Wednesday 20 October 2021

Saint Catherine of Siena - Sister Mary O'Driscoll OP - CTS Great Saints

Saint Catherine of Siena
CTS Great Saints
Sister Mary O'Driscoll OP
Catholic Truth Society
ISBN 9781860824135
eISBN 9781784692810
CTS Booklet B690

Over the last few years I have read over 200 volumes from the Catholic Truth Society. I stumbled upon them while doing research on an author, and have been hooked ever since. I have also read many in the CTS Biographies and also Saints of the Isles Series, and I loved the books in the CTS Great Saints Series. I love reading about so many saints, their lives and their times. And through that learning how much we need their example and intercession these days. This was the first volume from Sister Mary O'Driscoll OP that I have read. And her works that are available in English appear to be primarily focused on this saint, her life and her works. But I believe this is her only book for the CTS. The description of this booklet is:

“St Catherine of Siena, mystic, doctor of the Church, patron of Italy and of Europe has always been considered one of the great women of the Church. In her life she strove to love God above all and help her neighbour whether this meant caring for a leper or reprimanding a pope. This new text gives a brief biography and an introduction to Catherine's writings and theology.”

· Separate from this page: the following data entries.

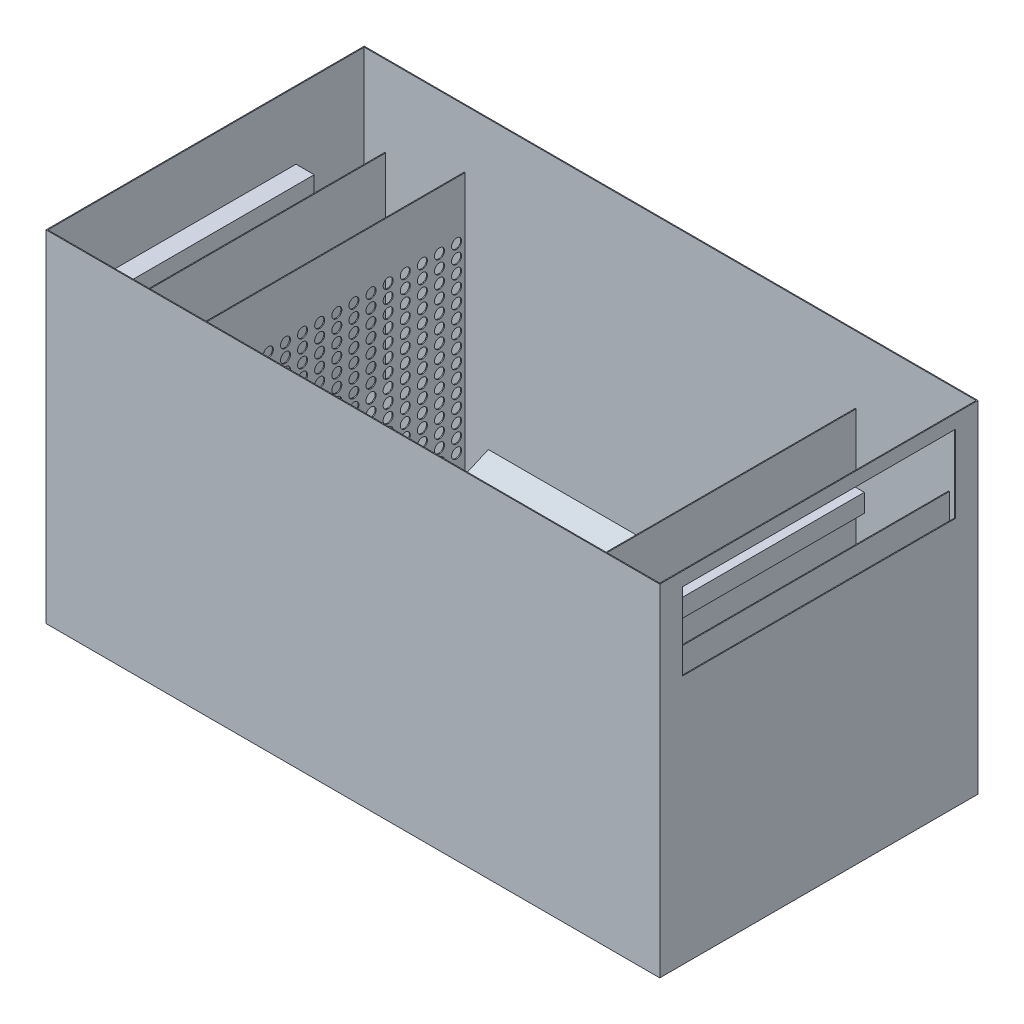
SolidWorks part; units mm, degrees
ref_plane "Спереди" through (0, 0, 0) normal (0, 0, 1) x (1, 0, 0)
ref_plane "Сверху" through (0, 0, 0) normal (0, 1, 0) x (1, 0, 0)
ref_plane "Справа" through (0, 0, 0) normal (1, 0, 0) x (0, 0, -1)
sketch "MASTER_FOOTPRINT" plane through (0, 0, 0) normal (0, 1, 0) x (1, 0, 0)
  line L1 (0, 0) -> (1350, 0)
  line L2 (0, 0) -> (0, 700)
  line L3 (0, 700) -> (1350, 700)
  line L4 (1350, 0) -> (1350, 700)
  dimension "D1" = 1350
  dimension "D2" = 700
extrude "BATH_BASE_PLATE" add sketch "MASTER_FOOTPRINT" along normal blind 750
shell "BATH_SHELL_2MM" thickness 2 removed face at (675, 750, -350)
sketch "Эскиз1" plane through (0, 0, 0) normal (1, 0, 0) x (0, 0, -1)
  circle A0 centre (350, 420) radius 50
extrude "INLET_D100_OPENING" cut sketch "Эскиз1" along normal blind 10
sketch "Эскиз2" plane through (0, 0, 0) normal (1, 0, 0) x (0, 0, -1)
  line L1 (80, 220) -> (620, 220)
  line L2 (80, 220) -> (80, 650)
  line L3 (80, 650) -> (620, 650)
  line L4 (620, 220) -> (620, 650)
extrude "INLET_IMPACT_BAFFLE" add sketch "Эскиз2" along normal blind 2 from offset 125 separate body
sketch "Эскиз3" plane through (0, 0, 0) normal (1, 0, 0) x (0, 0, -1)
  line L1 (30, 2) -> (670, 2)
  line L2 (30, 2) -> (30, 650)
  line L3 (30, 650) -> (670, 650)
  line L4 (670, 2) -> (670, 650)
  circle A0 centre (48.8235, 125) radius 11
  circle A1 centre (48.8235, 153.5) radius 11
  circle A2 centre (48.8235, 182) radius 11
  circle A3 centre (48.8235, 210.5) radius 11
  circle A4 centre (48.8235, 239) radius 11
  circle A5 centre (48.8235, 267.5) radius 11
  circle A6 centre (48.8235, 296) radius 11
  circle A7 centre (48.8235, 324.5) radius 11
  circle A8 centre (48.8235, 353) radius 11
  circle A9 centre (48.8235, 381.5) radius 11
  circle A10 centre (48.8235, 410) radius 11
  circle A11 centre (48.8235, 438.5) radius 11
  circle A12 centre (48.8235, 467) radius 11
  circle A13 centre (48.8235, 495.5) radius 11
  circle A14 centre (48.8235, 524) radius 11
  circle A15 centre (86.4706, 125) radius 11
  circle A16 centre (86.4706, 153.5) radius 11
  circle A17 centre (86.4706, 182) radius 11
  circle A18 centre (86.4706, 210.5) radius 11
  circle A19 centre (86.4706, 239) radius 11
  circle A20 centre (86.4706, 267.5) radius 11
  circle A21 centre (86.4706, 296) radius 11
  circle A22 centre (86.4706, 324.5) radius 11
  circle A23 centre (86.4706, 353) radius 11
  circle A24 centre (86.4706, 381.5) radius 11
  circle A25 centre (86.4706, 410) radius 11
  circle A26 centre (86.4706, 438.5) radius 11
  circle A27 centre (86.4706, 467) radius 11
  circle A28 centre (86.4706, 495.5) radius 11
  circle A29 centre (86.4706, 524) radius 11
  circle A30 centre (124.1176, 125) radius 11
  circle A31 centre (124.1176, 153.5) radius 11
  circle A32 centre (124.1176, 182) radius 11
  circle A33 centre (124.1176, 210.5) radius 11
  circle A34 centre (124.1176, 239) radius 11
  circle A35 centre (124.1176, 267.5) radius 11
  circle A36 centre (124.1176, 296) radius 11
  circle A37 centre (124.1176, 324.5) radius 11
  circle A38 centre (124.1176, 353) radius 11
  circle A39 centre (124.1176, 381.5) radius 11
  circle A40 centre (124.1176, 410) radius 11
  circle A41 centre (124.1176, 438.5) radius 11
  circle A42 centre (124.1176, 467) radius 11
  circle A43 centre (124.1176, 495.5) radius 11
  circle A44 centre (124.1176, 524) radius 11
  circle A45 centre (161.7647, 125) radius 11
  circle A46 centre (161.7647, 153.5) radius 11
  circle A47 centre (161.7647, 182) radius 11
  circle A48 centre (161.7647, 210.5) radius 11
  circle A49 centre (161.7647, 239) radius 11
  circle A50 centre (161.7647, 267.5) radius 11
  circle A51 centre (161.7647, 296) radius 11
  circle A52 centre (161.7647, 324.5) radius 11
  circle A53 centre (161.7647, 353) radius 11
  circle A54 centre (161.7647, 381.5) radius 11
  circle A55 centre (161.7647, 410) radius 11
  circle A56 centre (161.7647, 438.5) radius 11
  circle A57 centre (161.7647, 467) radius 11
  circle A58 centre (161.7647, 495.5) radius 11
  circle A59 centre (161.7647, 524) radius 11
  circle A60 centre (199.4118, 125) radius 11
  circle A61 centre (199.4118, 153.5) radius 11
  circle A62 centre (199.4118, 182) radius 11
  circle A63 centre (199.4118, 210.5) radius 11
  circle A64 centre (199.4118, 239) radius 11
  circle A65 centre (199.4118, 267.5) radius 11
  circle A66 centre (199.4118, 296) radius 11
  circle A67 centre (199.4118, 324.5) radius 11
  circle A68 centre (199.4118, 353) radius 11
  circle A69 centre (199.4118, 381.5) radius 11
  circle A70 centre (199.4118, 410) radius 11
  circle A71 centre (199.4118, 438.5) radius 11
  circle A72 centre (199.4118, 467) radius 11
  circle A73 centre (199.4118, 495.5) radius 11
  circle A74 centre (199.4118, 524) radius 11
  circle A75 centre (237.0588, 125) radius 11
  circle A76 centre (237.0588, 153.5) radius 11
  circle A77 centre (237.0588, 182) radius 11
  circle A78 centre (237.0588, 210.5) radius 11
  circle A79 centre (237.0588, 239) radius 11
  circle A80 centre (237.0588, 267.5) radius 11
  circle A81 centre (237.0588, 296) radius 11
  circle A82 centre (237.0588, 324.5) radius 11
  circle A83 centre (237.0588, 353) radius 11
  circle A84 centre (237.0588, 381.5) radius 11
  circle A85 centre (237.0588, 410) radius 11
  circle A86 centre (237.0588, 438.5) radius 11
  circle A87 centre (237.0588, 467) radius 11
  circle A88 centre (237.0588, 495.5) radius 11
  circle A89 centre (237.0588, 524) radius 11
  circle A90 centre (274.7059, 125) radius 11
  circle A91 centre (274.7059, 153.5) radius 11
  circle A92 centre (274.7059, 182) radius 11
  circle A93 centre (274.7059, 210.5) radius 11
  circle A94 centre (274.7059, 239) radius 11
  circle A95 centre (274.7059, 267.5) radius 11
  circle A96 centre (274.7059, 296) radius 11
  circle A97 centre (274.7059, 324.5) radius 11
  circle A98 centre (274.7059, 353) radius 11
  circle A99 centre (274.7059, 381.5) radius 11
  circle A100 centre (274.7059, 410) radius 11
  circle A101 centre (274.7059, 438.5) radius 11
  circle A102 centre (274.7059, 467) radius 11
  circle A103 centre (274.7059, 495.5) radius 11
  circle A104 centre (274.7059, 524) radius 11
  circle A105 centre (312.3529, 125) radius 11
  circle A106 centre (312.3529, 153.5) radius 11
  circle A107 centre (312.3529, 182) radius 11
  circle A108 centre (312.3529, 210.5) radius 11
  circle A109 centre (312.3529, 239) radius 11
  circle A110 centre (312.3529, 267.5) radius 11
  circle A111 centre (312.3529, 296) radius 11
  circle A112 centre (312.3529, 324.5) radius 11
  circle A113 centre (312.3529, 353) radius 11
  circle A114 centre (312.3529, 381.5) radius 11
  circle A115 centre (312.3529, 410) radius 11
  circle A116 centre (312.3529, 438.5) radius 11
  circle A117 centre (312.3529, 467) radius 11
  circle A118 centre (312.3529, 495.5) radius 11
  circle A119 centre (312.3529, 524) radius 11
  circle A120 centre (350, 125) radius 11
  circle A121 centre (350, 153.5) radius 11
  circle A122 centre (350, 182) radius 11
  circle A123 centre (350, 210.5) radius 11
  circle A124 centre (350, 239) radius 11
  circle A125 centre (350, 267.5) radius 11
  circle A126 centre (350, 296) radius 11
  circle A127 centre (350, 324.5) radius 11
  circle A128 centre (350, 353) radius 11
  circle A129 centre (350, 381.5) radius 11
  circle A130 centre (350, 410) radius 11
  circle A131 centre (350, 438.5) radius 11
  circle A132 centre (350, 467) radius 11
  circle A133 centre (350, 495.5) radius 11
  circle A134 centre (350, 524) radius 11
  circle A135 centre (387.6471, 125) radius 11
  circle A136 centre (387.6471, 153.5) radius 11
  circle A137 centre (387.6471, 182) radius 11
  circle A138 centre (387.6471, 210.5) radius 11
  circle A139 centre (387.6471, 239) radius 11
  circle A140 centre (387.6471, 267.5) radius 11
  circle A141 centre (387.6471, 296) radius 11
  circle A142 centre (387.6471, 324.5) radius 11
  circle A143 centre (387.6471, 353) radius 11
  circle A144 centre (387.6471, 381.5) radius 11
  circle A145 centre (387.6471, 410) radius 11
  circle A146 centre (387.6471, 438.5) radius 11
  circle A147 centre (387.6471, 467) radius 11
  circle A148 centre (387.6471, 495.5) radius 11
  circle A149 centre (387.6471, 524) radius 11
  circle A150 centre (425.2941, 125) radius 11
  circle A151 centre (425.2941, 153.5) radius 11
  circle A152 centre (425.2941, 182) radius 11
  circle A153 centre (425.2941, 210.5) radius 11
  circle A154 centre (425.2941, 239) radius 11
  circle A155 centre (425.2941, 267.5) radius 11
  circle A156 centre (425.2941, 296) radius 11
  circle A157 centre (425.2941, 324.5) radius 11
  circle A158 centre (425.2941, 353) radius 11
  circle A159 centre (425.2941, 381.5) radius 11
  circle A160 centre (425.2941, 410) radius 11
  circle A161 centre (425.2941, 438.5) radius 11
  circle A162 centre (425.2941, 467) radius 11
  circle A163 centre (425.2941, 495.5) radius 11
  circle A164 centre (425.2941, 524) radius 11
  circle A165 centre (462.9412, 125) radius 11
  circle A166 centre (462.9412, 153.5) radius 11
  circle A167 centre (462.9412, 182) radius 11
  circle A168 centre (462.9412, 210.5) radius 11
  circle A169 centre (462.9412, 239) radius 11
  circle A170 centre (462.9412, 267.5) radius 11
  circle A171 centre (462.9412, 296) radius 11
  circle A172 centre (462.9412, 324.5) radius 11
  circle A173 centre (462.9412, 353) radius 11
  circle A174 centre (462.9412, 381.5) radius 11
  circle A175 centre (462.9412, 410) radius 11
  circle A176 centre (462.9412, 438.5) radius 11
  circle A177 centre (462.9412, 467) radius 11
  circle A178 centre (462.9412, 495.5) radius 11
  circle A179 centre (462.9412, 524) radius 11
  circle A180 centre (500.5882, 125) radius 11
  circle A181 centre (500.5882, 153.5) radius 11
  circle A182 centre (500.5882, 182) radius 11
  circle A183 centre (500.5882, 210.5) radius 11
  circle A184 centre (500.5882, 239) radius 11
  circle A185 centre (500.5882, 267.5) radius 11
  circle A186 centre (500.5882, 296) radius 11
  circle A187 centre (500.5882, 324.5) radius 11
  circle A188 centre (500.5882, 353) radius 11
  circle A189 centre (500.5882, 381.5) radius 11
  circle A190 centre (500.5882, 410) radius 11
  circle A191 centre (500.5882, 438.5) radius 11
  circle A192 centre (500.5882, 467) radius 11
  circle A193 centre (500.5882, 495.5) radius 11
  circle A194 centre (500.5882, 524) radius 11
  circle A195 centre (538.2353, 125) radius 11
  circle A196 centre (538.2353, 153.5) radius 11
  circle A197 centre (538.2353, 182) radius 11
  circle A198 centre (538.2353, 210.5) radius 11
  circle A199 centre (538.2353, 239) radius 11
  circle A200 centre (538.2353, 267.5) radius 11
  circle A201 centre (538.2353, 296) radius 11
  circle A202 centre (538.2353, 324.5) radius 11
  circle A203 centre (538.2353, 353) radius 11
  circle A204 centre (538.2353, 381.5) radius 11
  circle A205 centre (538.2353, 410) radius 11
  circle A206 centre (538.2353, 438.5) radius 11
  circle A207 centre (538.2353, 467) radius 11
  circle A208 centre (538.2353, 495.5) radius 11
  circle A209 centre (538.2353, 524) radius 11
  circle A210 centre (575.8824, 125) radius 11
  circle A211 centre (575.8824, 153.5) radius 11
  circle A212 centre (575.8824, 182) radius 11
  circle A213 centre (575.8824, 210.5) radius 11
  circle A214 centre (575.8824, 239) radius 11
  circle A215 centre (575.8824, 267.5) radius 11
  circle A216 centre (575.8824, 296) radius 11
  circle A217 centre (575.8824, 324.5) radius 11
  circle A218 centre (575.8824, 353) radius 11
  circle A219 centre (575.8824, 381.5) radius 11
  circle A220 centre (575.8824, 410) radius 11
  circle A221 centre (575.8824, 438.5) radius 11
  circle A222 centre (575.8824, 467) radius 11
  circle A223 centre (575.8824, 495.5) radius 11
  circle A224 centre (575.8824, 524) radius 11
  circle A225 centre (613.5294, 125) radius 11
  circle A226 centre (613.5294, 153.5) radius 11
  circle A227 centre (613.5294, 182) radius 11
  circle A228 centre (613.5294, 210.5) radius 11
  circle A229 centre (613.5294, 239) radius 11
  circle A230 centre (613.5294, 267.5) radius 11
  circle A231 centre (613.5294, 296) radius 11
  circle A232 centre (613.5294, 324.5) radius 11
  circle A233 centre (613.5294, 353) radius 11
  circle A234 centre (613.5294, 381.5) radius 11
  circle A235 centre (613.5294, 410) radius 11
  circle A236 centre (613.5294, 438.5) radius 11
  circle A237 centre (613.5294, 467) radius 11
  circle A238 centre (613.5294, 495.5) radius 11
  circle A239 centre (613.5294, 524) radius 11
  circle A240 centre (651.1765, 125) radius 11
  circle A241 centre (651.1765, 153.5) radius 11
  circle A242 centre (651.1765, 182) radius 11
  circle A243 centre (651.1765, 210.5) radius 11
  circle A244 centre (651.1765, 239) radius 11
  circle A245 centre (651.1765, 267.5) radius 11
  circle A246 centre (651.1765, 296) radius 11
  circle A247 centre (651.1765, 324.5) radius 11
  circle A248 centre (651.1765, 353) radius 11
  circle A249 centre (651.1765, 381.5) radius 11
  circle A250 centre (651.1765, 410) radius 11
  circle A251 centre (651.1765, 438.5) radius 11
  circle A252 centre (651.1765, 467) radius 11
  circle A253 centre (651.1765, 495.5) radius 11
  circle A254 centre (651.1765, 524) radius 11
extrude "DISTRIBUTOR_D22" add sketch "Эскиз3" along normal blind 2 from offset 250 separate body
sketch "Эскиз4" plane through (0, 0, 0) normal (1, 0, 0) x (0, 0, -1)
  line L1 (50, 320) -> (650, 320)
  line L2 (50, 320) -> (50, 650)
  line L3 (50, 650) -> (650, 650)
  line L4 (650, 320) -> (650, 650)
extrude "OUTLET_SUBMERGED_BAFFLE" add sketch "Эскиз4" along normal blind 2 from offset 1130 separate body
sketch "Эскиз5" plane through (0, 0, 0) normal (1, 0, 0) x (0, 0, -1)
  line L1 (5, 2) -> (695, 2)
  line L2 (5, 2) -> (5, 550)
  line L3 (5, 550) -> (695, 550)
  line L4 (695, 2) -> (695, 550)
extrude "OVERFLOW_WEIR_Z550" add sketch "Эскиз5" along normal blind 2 from offset 1290 separate body
sketch "Эскиз6" plane through (0, 0, 0) normal (1, 0, 0) x (0, 0, -1)
  line L1 (50, 550) -> (650, 550)
  line L2 (50, 550) -> (50, 720)
  line L3 (50, 720) -> (650, 720)
  line L4 (650, 550) -> (650, 720)
extrude "OUTLET_WEIR_SLOT_W600" cut sketch "Эскиз6" along normal blind 10 from offset 1345
sketch "Эскиз7" plane through (0, 0, 0) normal (1, 0, 0) x (0, 0, -1)
  line L0 (2, -1) -> (2, 120)
  line L1 (2, 120) -> (280, -1)
  line L2 (280, -1) -> (2, -1)
  line L3 (698, -1) -> (698, 120)
  line L4 (698, 120) -> (420, -1)
  line L5 (420, -1) -> (698, -1)
extrude "SLOPED_SEDIMENT_FLOOR" add sketch "Эскиз7" along normal blind 825 from offset 275
sketch3d "SCREW_AXIS_30DEG_REFERENCE"
  line L0 (400, 70, -350) -> (1450, 676.2178, -350)
sketch "Эскиз8" plane through (0, 0, 0) normal (0, 0, 1) x (1, 0, 0)
  line L1 (50, 50) -> (90, 50)
  line L2 (50, 50) -> (50, 90)
  line L3 (50, 90) -> (90, 90)
  line L4 (90, 50) -> (90, 90)
  line L6 (50, 610) -> (90, 610)
  line L7 (50, 610) -> (50, 650)
  line L8 (50, 650) -> (90, 650)
  line L9 (90, 610) -> (90, 650)
  line L11 (1260, 50) -> (1300, 50)
  line L12 (1260, 50) -> (1260, 90)
  line L13 (1260, 90) -> (1300, 90)
  line L14 (1300, 50) -> (1300, 90)
  line L16 (1260, 610) -> (1300, 610)
  line L17 (1260, 610) -> (1260, 650)
  line L18 (1260, 650) -> (1300, 650)
  line L19 (1300, 610) -> (1300, 650)
extrude "FRAME_FOUR_LEGS_40X40" add sketch "Эскиз8" against normal blind 500 separate body
equation "\"AI_Q_Peak\"= 0.006"
equation "\"AI_B_Bath\"= 700"
equation "\"AI_L_Settle\"= 900"
equation "\"AI_L_Inlet\"= 250"
equation "\"AI_L_Outlet\"= 200"
equation "\"AI_L_Bath\"= 1350"
equation "\"AI_H_Water\"= 550"
equation "\"AI_H_Freeboard\"= 200"
equation "\"AI_H_Bath\"= 750"
equation "\"AI_Shell_Thickness\"= 2"
equation "\"AI_Inlet_DN\"= 100"
equation "\"AI_Weir_Width\"= 600"
equation "\"AI_Inlet_Baffle_Offset\"= 125"
equation "\"AI_Distributor_Open_Area\"= 0.28"
equation "\"AI_Distributor_Hole_Dia\"= 22"
equation "\"AI_Distributor_Blind_Zone\"= 110"
equation "\"AI_Outlet_Baffle_Depth\"= 250"
equation "\"AI_Screw_Diameter\"= 100"
equation "\"AI_Screw_Pitch\"= 100"
equation "\"AI_Screw_Angle\"= 30"
equation "\"AI_Screw_Rpm\"= 15"
equation "\"AI_Screw_Clearance\"= 5"
equation "\"AI_Liner_Thickness\"= 5"
equation "\"AI_Discharge_Height\"= 650"
equation "\"AI_Frame_Height\"= 500"
equation "\"D1@MASTER_FOOTPRINT\" = \"AI_L_Bath\""
equation "\"D2@MASTER_FOOTPRINT\" = \"AI_B_Bath\""
equation "\"D1@BATH_BASE_PLATE\" = \"AI_H_Bath\""

Another description is that this volume is:

“An anthology of Catherine's letters, prayers and 'The Dialogue' that reveals both her passion for the truth and her compassion for humanity. It is intended for those with an interest in prayer and spiritual life.”

And the chapters in this little volume are:

Life and Times
Doctor of the Church
Walk on Two Feet
Contemplative Mystic
Passionate Lover
Further Reading

This was a very moving read. I highlighted 23 passages my first time through this book. And as soon as I finished I put it back on my ‘to be read pile’. There is a great deal of information in this little booklet. And I assume much was drawn from the author’s longer work on Saint Catherine of Siena. Some of the passages I highlighted were:

“Catherine was a woman who had a tremendous zest for life and who put all of herself into whatever she was convinced about. The truth that gripped her most was God’s overwhelming love for humanity manifested in Jesus Christ. One of her biographers describes her as someone who was always ‘at full stretch’, whether she was responding whole-heartedly to her loving God or reaching out compassionately to her needy neighbour.”

“Whenever she felt reluctant to go to a new preaching place where she was needed, she remembered God’s words spoken to her on one occasion while she prayed about her vocation: “You are to plunge boldly into public activity of every kind with but one thought in mind, the salvation of souls, whether they be men or women... I will be ever at your side... Carry on with courage”.”

“For the rest of her short life Catherine gave her time and energy to working and praying for an end to the schism. Every day she spent long hours in prayer, and also in writing letters to state and church leaders urging them to help to bring the division in the church to an end. She exhausted herself and suffered so much in this cause that she became seriously ill.”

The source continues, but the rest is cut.